Mean Value Theorem

f'(c) = [f(b) - f(a)]/(b - a)

1. Explain what this means GRAPHICALLY by showing a good example!


The average rate of change of a function is the slope of the secant line. the secant line connects the function values at the endpoint of the interval. endpoints of the function on [a,b]are (a,f(a)) and (b,f(b)).
m=y2-y1/x2-x1 = f(b)-f(a)/b-a

the instantaneous rate of change at x=c is the slope of the tangent line to the function.


The function must be continuous on [a,b] and differentiable on (a,b) then the mean value theorem must have at least one value x=c between a and b == f'(c)=f(b)-f(a)/b-a. soooo at least one x value on the interval where the tangent line is parallel to the secant line that connects the endpoints of the interval.






the function= x^3
secant line= 3x ===> f'(x)=3x [0,2]
tangent line= 3x-2

tangent line is parallel to the secant line



Explain why this only works for continuous and differentiable functions.




sqr root of (x^2)-2
this is an example of a function that is not differentiable because it has a corner at x=0 within the interval of (-1,1) it is not differentiable but this function is continuous.

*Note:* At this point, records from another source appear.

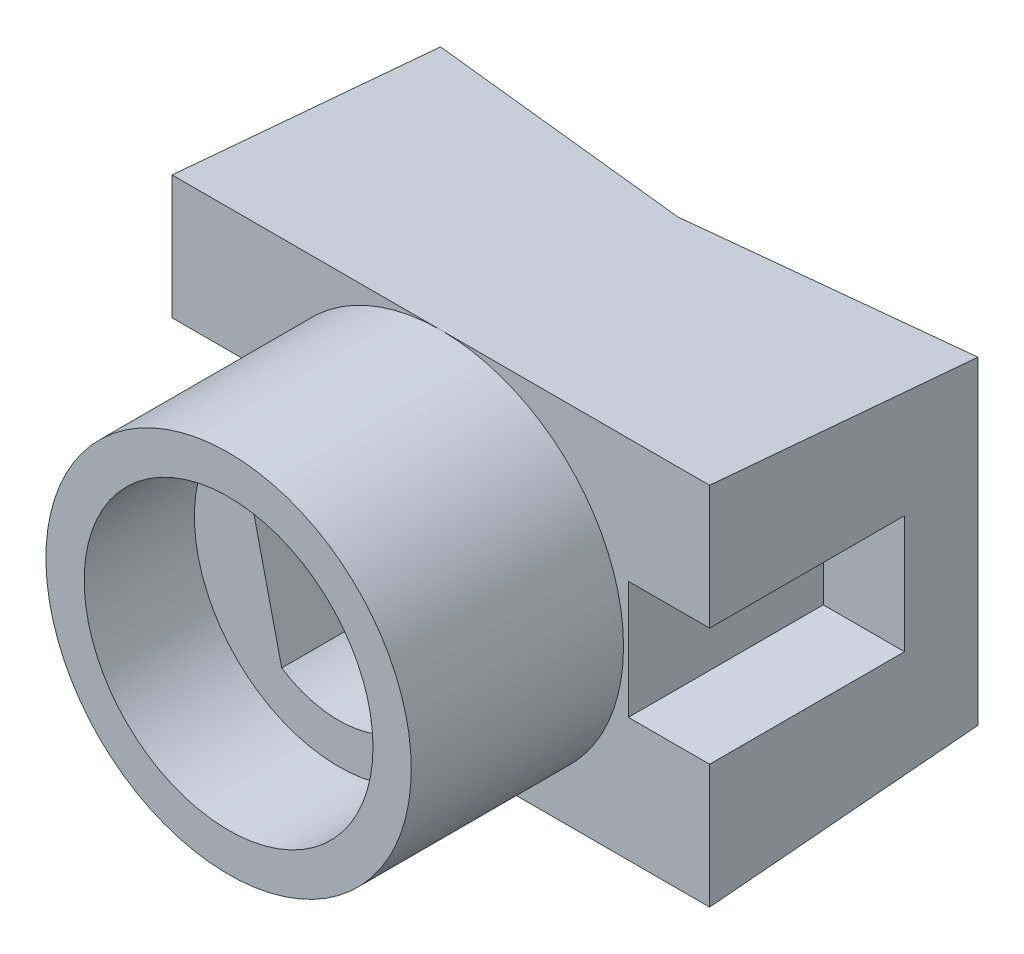
ISO-10303-21;
HEADER;
FILE_DESCRIPTION(('STEP AP214'),'2;1');
FILE_NAME('part.step','',(''),(''),'','','');
FILE_SCHEMA(('AUTOMOTIVE_DESIGN { 1 0 10303 214 1 1 1 1 }'));
ENDSEC;
DATA;
#1=APPLICATION_CONTEXT('core data for automotive mechanical design processes');
#2=APPLICATION_PROTOCOL_DEFINITION('international standard','automotive_design',2000,#1);
#3=PRODUCT_CONTEXT('',#1,'mechanical');
#4=PRODUCT('Part','Part','',(#3));
#5=PRODUCT_RELATED_PRODUCT_CATEGORY('part','',(#4));
#6=PRODUCT_DEFINITION_FORMATION('','',#4);
#7=PRODUCT_DEFINITION_CONTEXT('part definition',#1,'design');
#8=PRODUCT_DEFINITION('design','',#6,#7);
#9=PRODUCT_DEFINITION_SHAPE('','',#8);
#10=(LENGTH_UNIT() NAMED_UNIT(*) SI_UNIT(.MILLI.,.METRE.));
#11=(NAMED_UNIT(*) PLANE_ANGLE_UNIT() SI_UNIT($,.RADIAN.));
#12=(NAMED_UNIT(*) SI_UNIT($,.STERADIAN.) SOLID_ANGLE_UNIT());
#13=UNCERTAINTY_MEASURE_WITH_UNIT(LENGTH_MEASURE(1.E-05),#10,'distance_accuracy_value','');
#14=(GEOMETRIC_REPRESENTATION_CONTEXT(3) GLOBAL_UNCERTAINTY_ASSIGNED_CONTEXT((#13)) GLOBAL_UNIT_ASSIGNED_CONTEXT((#10,
#11,#12)) REPRESENTATION_CONTEXT('',''));
#15=CARTESIAN_POINT('',(0.,0.,0.));
#16=DIRECTION('',(0.,0.,1.));
#17=DIRECTION('',(1.,0.,0.));
#18=AXIS2_PLACEMENT_3D('',#15,#16,#17);
#19=CARTESIAN_POINT('',(0.,0.,4.4));
#20=DIRECTION('',(0.,0.,1.));
#21=DIRECTION('',(1.,0.,0.));
#22=AXIS2_PLACEMENT_3D('',#19,#20,#21);
#23=PLANE('',#22);
#24=CARTESIAN_POINT('',(0.,0.,4.4));
#25=DIRECTION('',(0.,0.,1.));
#26=DIRECTION('',(1.,0.,0.));
#27=AXIS2_PLACEMENT_3D('',#24,#25,#26);
#28=CIRCLE('',#27,6.225);
#29=CARTESIAN_POINT('',(6.22500000000001,0.,4.4));
#30=VERTEX_POINT('',#29);
#31=EDGE_CURVE('E328',#30,#30,#28,.T.);
#32=ORIENTED_EDGE('',*,*,#31,.T.);
#33=EDGE_LOOP('',(#32));
#34=FACE_BOUND('',#33,.T.);
#35=DIRECTION('',(-0.226618541803882,0.973983591499715,0.));
#36=VECTOR('',#35,1.);
#37=CARTESIAN_POINT('',(-3.8707911954993,2.29498922020236,4.4));
#38=LINE('',#37,#36);
#39=CARTESIAN_POINT('',(-2.46010214924883,-3.7680097419276,4.4));
#40=VERTEX_POINT('',#39);
#41=CARTESIAN_POINT('',(-3.8707911954993,2.29498922020236,4.39999999999999));
#42=VERTEX_POINT('',#41);
#43=EDGE_CURVE('E299',#40,#42,#38,.T.);
#44=ORIENTED_EDGE('',*,*,#43,.T.);
#45=CARTESIAN_POINT('',(0.,0.,4.4));
#46=DIRECTION('',(0.,0.,-1.));
#47=DIRECTION('',(-0.973983591499715,-0.226618541803882,0.));
#48=AXIS2_PLACEMENT_3D('',#45,#46,#47);
#49=CIRCLE('',#48,4.5);
#50=CARTESIAN_POINT('',(2.46010214924885,3.7680097419276,4.4));
#51=VERTEX_POINT('',#50);
#52=EDGE_CURVE('E315',#42,#51,#49,.T.);
#53=ORIENTED_EDGE('',*,*,#52,.T.);
#54=DIRECTION('',(0.226618541803882,-0.973983591499715,0.));
#55=VECTOR('',#54,1.);
#56=CARTESIAN_POINT('',(2.46010214924885,3.7680097419276,4.4));
#57=LINE('',#56,#55);
#58=CARTESIAN_POINT('',(3.87079119549931,-2.29498922020236,4.4));
#59=VERTEX_POINT('',#58);
#60=EDGE_CURVE('E310',#51,#59,#57,.T.);
#61=ORIENTED_EDGE('',*,*,#60,.T.);
#62=CARTESIAN_POINT('',(0.,0.,4.4));
#63=DIRECTION('',(0.,0.,-1.));
#64=DIRECTION('',(-0.973983591499715,-0.226618541803882,0.));
#65=AXIS2_PLACEMENT_3D('',#62,#63,#64);
#66=CIRCLE('',#65,4.5);
#67=EDGE_CURVE('E305',#59,#40,#66,.T.);
#68=ORIENTED_EDGE('',*,*,#67,.T.);
#69=EDGE_LOOP('',(#44,#53,#61,#68));
#70=FACE_BOUND('',#69,.T.);
#71=ADVANCED_FACE('F42',(#34,#70),#23,.T.);
#72=CARTESIAN_POINT('',(0.,0.,9.14999999999999));
#73=DIRECTION('',(0.,0.,-1.));
#74=DIRECTION('',(-1.,0.,0.));
#75=AXIS2_PLACEMENT_3D('',#72,#73,#74);
#76=CYLINDRICAL_SURFACE('',#75,7.875);
#77=CARTESIAN_POINT('',(0.,0.,9.14999999999999));
#78=DIRECTION('',(0.,0.,1.));
#79=DIRECTION('',(1.,0.,0.));
#80=AXIS2_PLACEMENT_3D('',#77,#78,#79);
#81=CIRCLE('',#80,7.875);
#82=CARTESIAN_POINT('',(7.875,0.,9.14999999999999));
#83=VERTEX_POINT('',#82);
#84=EDGE_CURVE('E429',#83,#83,#81,.T.);
#85=ORIENTED_EDGE('',*,*,#84,.F.);
#86=EDGE_LOOP('',(#85));
#87=FACE_BOUND('',#86,.T.);
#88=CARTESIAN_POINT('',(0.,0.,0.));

this function does not satisfy the theorem because it does no have a tangent that can be parallel to secant.




this function has a discontinuity but is differentiable.
piecewise function of
f(x)= {x^3+3 for x<1
{x^2+1 for x>(or equal to) 1
close hole at one and at the same time of open hole at one.

the function is not continuous within the interval of [-1,1]